§ **Required action**
The response must contain every line below in which "finiture" appears.

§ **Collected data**
###

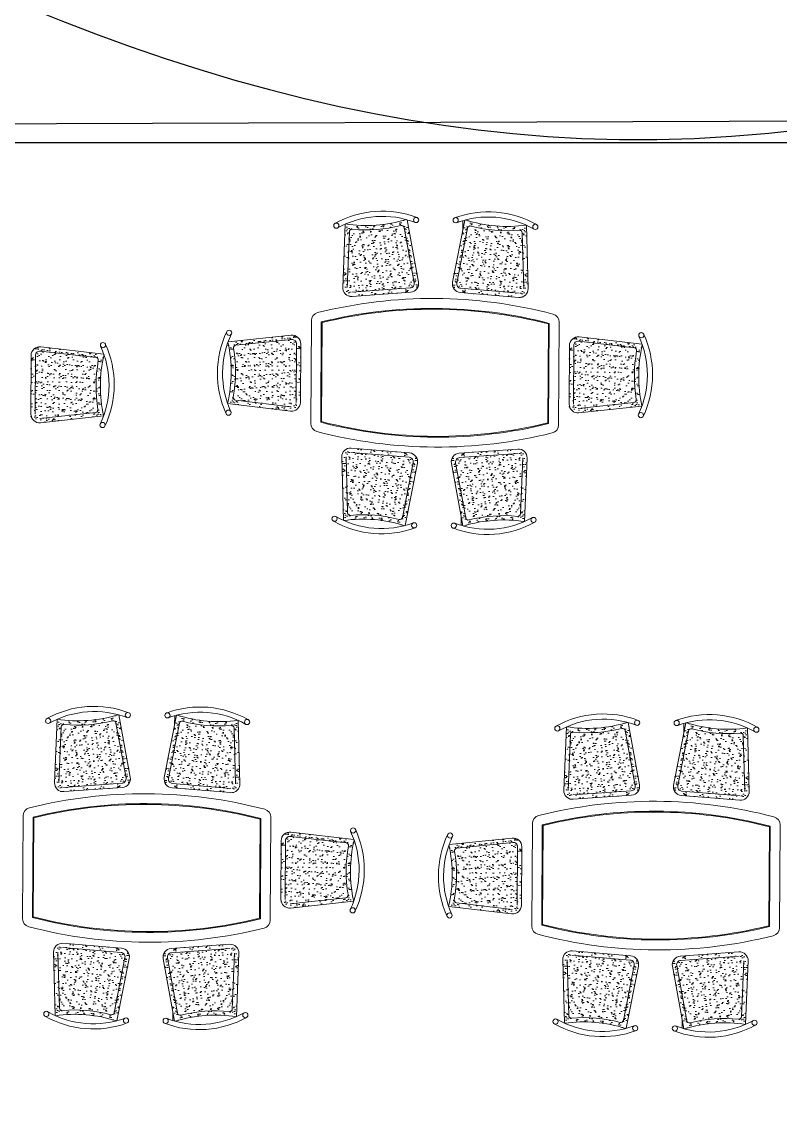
# Model space of a CAD drawing. Header units: millimetres. Extents: x 586 to 1010, y 369 to 668.
# Drawn here: x 809.97 to 816.75, y 455.25 to 464.93 of the extents above; entities that cross this region are included whole.
import ezdxf

# ---------------------------------------------------------------- set-up
doc = ezdxf.new("R2010")
doc.units = ezdxf.units.MM
doc.layers.add('finiture', color=7, linetype='Continuous', lineweight=20)

msp = doc.modelspace()

# ---------------------------------------------------------------- hatches: boundary and pattern name
at = {"layer": 'finiture'}
h = msp.add_hatch(dxfattribs=at)
h.set_pattern_fill('AR-SAND,_O', color=256, scale=0.001548, angle=89.65259)
h.set_pattern_definition([(311.558146, (401.71935, 1011.97478), (0.0754065833, 0.0078332724), [0, -0.0597736264, 0, -0.066852082, 0, -0.0639027256]), (281.558146, (401.71935, 1011.97478), (0.115627173, -0.061567602), [0, -0.0322462985, 0, -0.0538749133, 0, -0.020645496]), (241.558146, (401.715925, 1012.02303), (0.0088885044, -0.122140123), [0, -0.019662377, 0, -0.0707845576, 0, -0.0924131724]), (231.558146, (401.71592, 1012.02303), (0.042793749, -0.115476301), [0, -0.0098311886, 0, -0.04640321, 0, -0.053088418])])
edge = h.paths.add_edge_path()
edge.add_arc((813.4409, 462.592), 0.0774, 274.05709, 370.39729)
edge.add_line((813.517, 462.606), (813.4148, 463.1631))
edge.add_ellipse((813.194, 462.3708), major_axis=(0.5851, 0.5781), ratio=1, start_angle=29.77928, end_angle=30.17143)
edge.add_arc((813.0507, 464.3291), 1.2185, 261.2539, 287.11611, ccw=False)
edge.add_ellipse((813.194, 462.3708), major_axis=(0.5851, 0.5781), ratio=1, start_angle=68.8934, end_angle=69.02973)
edge.add_line((812.8637, 463.124), (812.8411, 462.558))
edge.add_arc((812.9184, 462.5549), 0.0774, 177.7169, 274.05709)
edge.add_line((812.9239, 462.4777), (813.4463, 462.5148))
h = msp.add_hatch(dxfattribs=at)
h.set_pattern_fill('AR-SAND,_O', color=256, scale=0.001548, angle=94.05815)
h.set_pattern_definition([(227.747029, (1232.249896, 1006.938805), (-0.075306047, 0.008747128), [0, -0.0597736264, 0, -0.066852082, 0, -0.0639027256]), (257.747029, (1232.2499, 1006.9388), (-0.116365282, -0.060160901), [0, -0.0322462985, 0, -0.0538749133, 0, -0.020645496]), (297.747029, (1232.253904, 1006.98701), (-0.0103690053, -0.122023354), [0, -0.019662377, 0, -0.0707845576, 0, -0.0924131724]), (307.747029, (1232.2539, 1006.98701), (-0.044190947, -0.114948864), [0, -0.0098311886, 0, -0.04640321, 0, -0.053088418])])
h.paths.add_polyline_path([(813.8901, 462.5121, -0.447008), (813.8205, 462.6041), (813.9295, 463.16, -0.001711), (813.9349, 463.1614, 0.113327), (814.4783, 463.115, -0.000595), (814.4801, 463.1142), (814.4958, 462.548, -0.447008), (814.412, 462.4687)])
h = msp.add_hatch(dxfattribs=at)
h.set_pattern_fill('AR-SAND,_O', color=256, scale=0.001548, angle=359.54659)
h.set_pattern_definition([(37.046588, (232.322157, 94.82335), (-0.0018775036, 0.075789102), [0, -0.0597736264, 0, -0.066852082, 0, -0.0639027256]), (7.046588, (232.32216, 94.82335), (0.070472091, 0.11042598), [0, -0.0322462985, 0, -0.0538749133, 0, -0.020645496]), (327.046588, (232.27379, 94.823736), (0.122460842, -0.000746604), [0, -0.019662377, 0, -0.0707845576, 0, -0.0924131724]), (317.046588, (232.27379, 94.82374), (0.118484662, 0.033577763), [0, -0.0098311886, 0, -0.04640321, 0, -0.053088418])])
h.paths.add_polyline_path([(812.4662, 462.054, 0.447008), (812.3808, 462.1316), (811.8174, 462.0735, 0.001711), (811.8155, 462.0682, -0.113327), (811.8124, 461.5229, 0.000595), (811.813, 461.521), (812.3755, 461.454, 0.447008), (812.462, 461.5303)])
h = msp.add_hatch(dxfattribs=at)
h.set_pattern_fill('AR-SAND,_O', color=256, scale=0.001548, angle=359.54659)
h.set_pattern_definition([(142.258587, (1390.512626, 87.80059), (0.002796436, 0.075760761), [0, -0.0597736264, 0, -0.066852082, 0, -0.0639027256]), (172.258587, (1390.51263, 87.80059), (-0.069127809, 0.111272453), [0, -0.0322462985, 0, -0.0538749133, 0, -0.020645496]), (212.258587, (1390.560995, 87.800387), (-0.122460891, 0.000738495), [0, -0.019662377, 0, -0.0707845576, 0, -0.0924131724]), (222.258587, (1390.561, 87.80039), (-0.118068762, 0.03501212), [0, -0.0098311886, 0, -0.04640321, 0, -0.053088418])])
h.paths.add_polyline_path([(814.8646, 462.0394, -0.447008), (814.9508, 462.116), (815.5135, 462.0511, -0.001711), (815.5154, 462.0458, 0.113327), (815.5119, 461.5004, -0.000595), (815.5112, 461.4986), (814.948, 461.4384, -0.447008), (814.8624, 461.5157)])
h = msp.add_hatch(dxfattribs=at)
h.set_pattern_fill('AR-SAND,_O', color=256, scale=0.001548, angle=359.54659)
h.set_pattern_definition([(142.258587, (1385.70634, 87.712206), (0.002796436, 0.075760761), [0, -0.0597736264, 0, -0.066852082, 0, -0.0639027256]), (172.258587, (1385.70634, 87.71221), (-0.069127809, 0.111272453), [0, -0.0322462985, 0, -0.0538749133, 0, -0.020645496]), (212.258587, (1385.75471, 87.712), (-0.122460891, 0.000738495), [0, -0.019662377, 0, -0.0707845576, 0, -0.0924131724]), (222.258587, (1385.75471, 87.712), (-0.118068762, 0.03501212), [0, -0.0098311886, 0, -0.04640321, 0, -0.053088418])])
h.paths.add_polyline_path([(810.0583, 461.951, -0.447008), (810.1445, 462.0276), (810.7072, 461.9627, -0.001711), (810.7091, 461.9574, 0.113327), (810.7056, 461.4121, -0.000595), (810.7049, 461.4102), (810.1417, 461.35, -0.447008), (810.0561, 461.4273)])
h = msp.add_hatch(dxfattribs=at)
h.set_pattern_fill('AR-SAND,_O', color=256, scale=0.001548, angle=89.65259)
h.set_pattern_definition([(47.747029, (395.077794, -83.34684), (0.075306047, -0.008747128), [0, -0.0597736264, 0, -0.066852082, 0, -0.0639027256]), (77.747029, (395.07779, -83.34684), (0.116365282, 0.060160901), [0, -0.0322462985, 0, -0.0538749133, 0, -0.020645496]), (117.747029, (395.073786, -83.395045), (0.0103690053, 0.122023354), [0, -0.019662377, 0, -0.0707845576, 0, -0.0924131724]), (127.747029, (395.07379, -83.39505), (0.044190947, 0.114948864), [0, -0.0098311886, 0, -0.04640321, 0, -0.053088418])])
edge = h.paths.add_edge_path()
edge.add_arc((813.4312, 461.0027), 0.0774, -11.09211, 85.24808, ccw=False)
edge.add_line((813.5072, 460.9878), (813.3982, 460.432))
edge.add_ellipse((813.1871, 461.2269), major_axis=(0.5781, -0.5851), ratio=1, start_angle=329.82857, end_angle=330.22072, ccw=False)
edge.add_arc((813.0201, 459.2705), 1.2185, 72.18907, 98.05127)
edge.add_ellipse((813.1871, 461.2269), major_axis=(0.5781, -0.5851), ratio=1, start_angle=290.97027, end_angle=291.1066, ccw=False)
edge.add_line((812.8476, 460.4778), (812.8319, 461.044))
edge.add_arc((812.9093, 461.0461), 0.0774, 85.24808, 181.58827, ccw=False)
edge.add_line((812.9157, 461.1233), (813.4376, 461.0799))
h = msp.add_hatch(dxfattribs=at)
h.set_pattern_fill('AR-SAND,_O', color=256, scale=0.001548, angle=94.05815)
h.set_pattern_definition([(131.558146, (1225.60834, -88.38282), (-0.0754065833, -0.0078332724), [0, -0.0597736264, 0, -0.066852082, 0, -0.0639027256]), (101.558146, (1225.60834, -88.38282), (-0.115627173, 0.061567602), [0, -0.0322462985, 0, -0.0538749133, 0, -0.020645496]), (61.558146, (1225.611765, -88.431066), (-0.0088885044, 0.122140123), [0, -0.019662377, 0, -0.0707845576, 0, -0.0924131724]), (51.558146, (1225.61177, -88.43107), (-0.042793749, 0.115476301), [0, -0.0098311886, 0, -0.04640321, 0, -0.053088418])])
h.paths.add_polyline_path([(813.8814, 461.0772, 0.447008), (813.8107, 460.986), (813.9129, 460.4289, 0.001711), (813.9183, 460.4274, -0.113327), (814.4622, 460.4672, 0.000595), (814.464, 460.468), (814.4866, 461.0339, 0.447008), (814.4038, 461.1142)])
h = msp.add_hatch(dxfattribs=at)
h.set_pattern_fill('AR-SAND,_O', color=256, scale=0.001548, angle=89.65259)
h.set_pattern_definition([(311.558146, (399.14613, 1007.552076), (0.0754065833, 0.0078332724), [0, -0.0597736264, 0, -0.066852082, 0, -0.0639027256]), (281.558146, (399.14613, 1007.55208), (0.115627173, -0.061567602), [0, -0.0322462985, 0, -0.0538749133, 0, -0.020645496]), (241.558146, (399.14271, 1007.600324), (0.0088885044, -0.122140123), [0, -0.019662377, 0, -0.0707845576, 0, -0.0924131724]), (231.558146, (399.14271, 1007.60032), (0.042793749, -0.115476301), [0, -0.0098311886, 0, -0.04640321, 0, -0.053088418])])
edge = h.paths.add_edge_path()
edge.add_arc((810.8676, 458.1693), 0.0774, 274.05709, 370.39729)
edge.add_line((810.9438, 458.1833), (810.8416, 458.7404))
edge.add_ellipse((810.6208, 457.9481), major_axis=(0.5851, 0.5781), ratio=1, start_angle=29.77928, end_angle=30.17143)
edge.add_arc((810.4775, 459.9064), 1.2185, 261.2539, 287.11611, ccw=False)
edge.add_ellipse((810.6208, 457.9481), major_axis=(0.5851, 0.5781), ratio=1, start_angle=68.8934, end_angle=69.02973)
edge.add_line((810.2904, 458.7013), (810.2679, 458.1353))
edge.add_arc((810.3452, 458.1322), 0.0774, 177.7169, 274.05709)
edge.add_line((810.3507, 458.055), (810.8731, 458.0921))
h = msp.add_hatch(dxfattribs=at)
h.set_pattern_fill('AR-SAND,_O', color=256, scale=0.001548, angle=94.05815)
h.set_pattern_definition([(227.747029, (1229.67668, 1002.5161), (-0.075306047, 0.008747128), [0, -0.0597736264, 0, -0.066852082, 0, -0.0639027256]), (257.747029, (1229.67668, 1002.5161), (-0.116365282, -0.060160901), [0, -0.0322462985, 0, -0.0538749133, 0, -0.020645496]), (297.747029, (1229.680686, 1002.564303), (-0.0103690053, -0.122023354), [0, -0.019662377, 0, -0.0707845576, 0, -0.0924131724]), (307.747029, (1229.68069, 1002.5643), (-0.044190947, -0.114948864), [0, -0.0098311886, 0, -0.04640321, 0, -0.053088418])])
h.paths.add_polyline_path([(811.3168, 458.0894, -0.447008), (811.2473, 458.1814), (811.3563, 458.7373, -0.001711), (811.3617, 458.7387, 0.113327), (811.9051, 458.6923, -0.000595), (811.9069, 458.6915), (811.9226, 458.1253, -0.447008), (811.8388, 458.046)])
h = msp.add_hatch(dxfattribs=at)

###

§ **Task solution**
doc.layers.add('finiture', color=7, linetype='Continuous', lineweight=20)
at = {"layer": 'finiture'}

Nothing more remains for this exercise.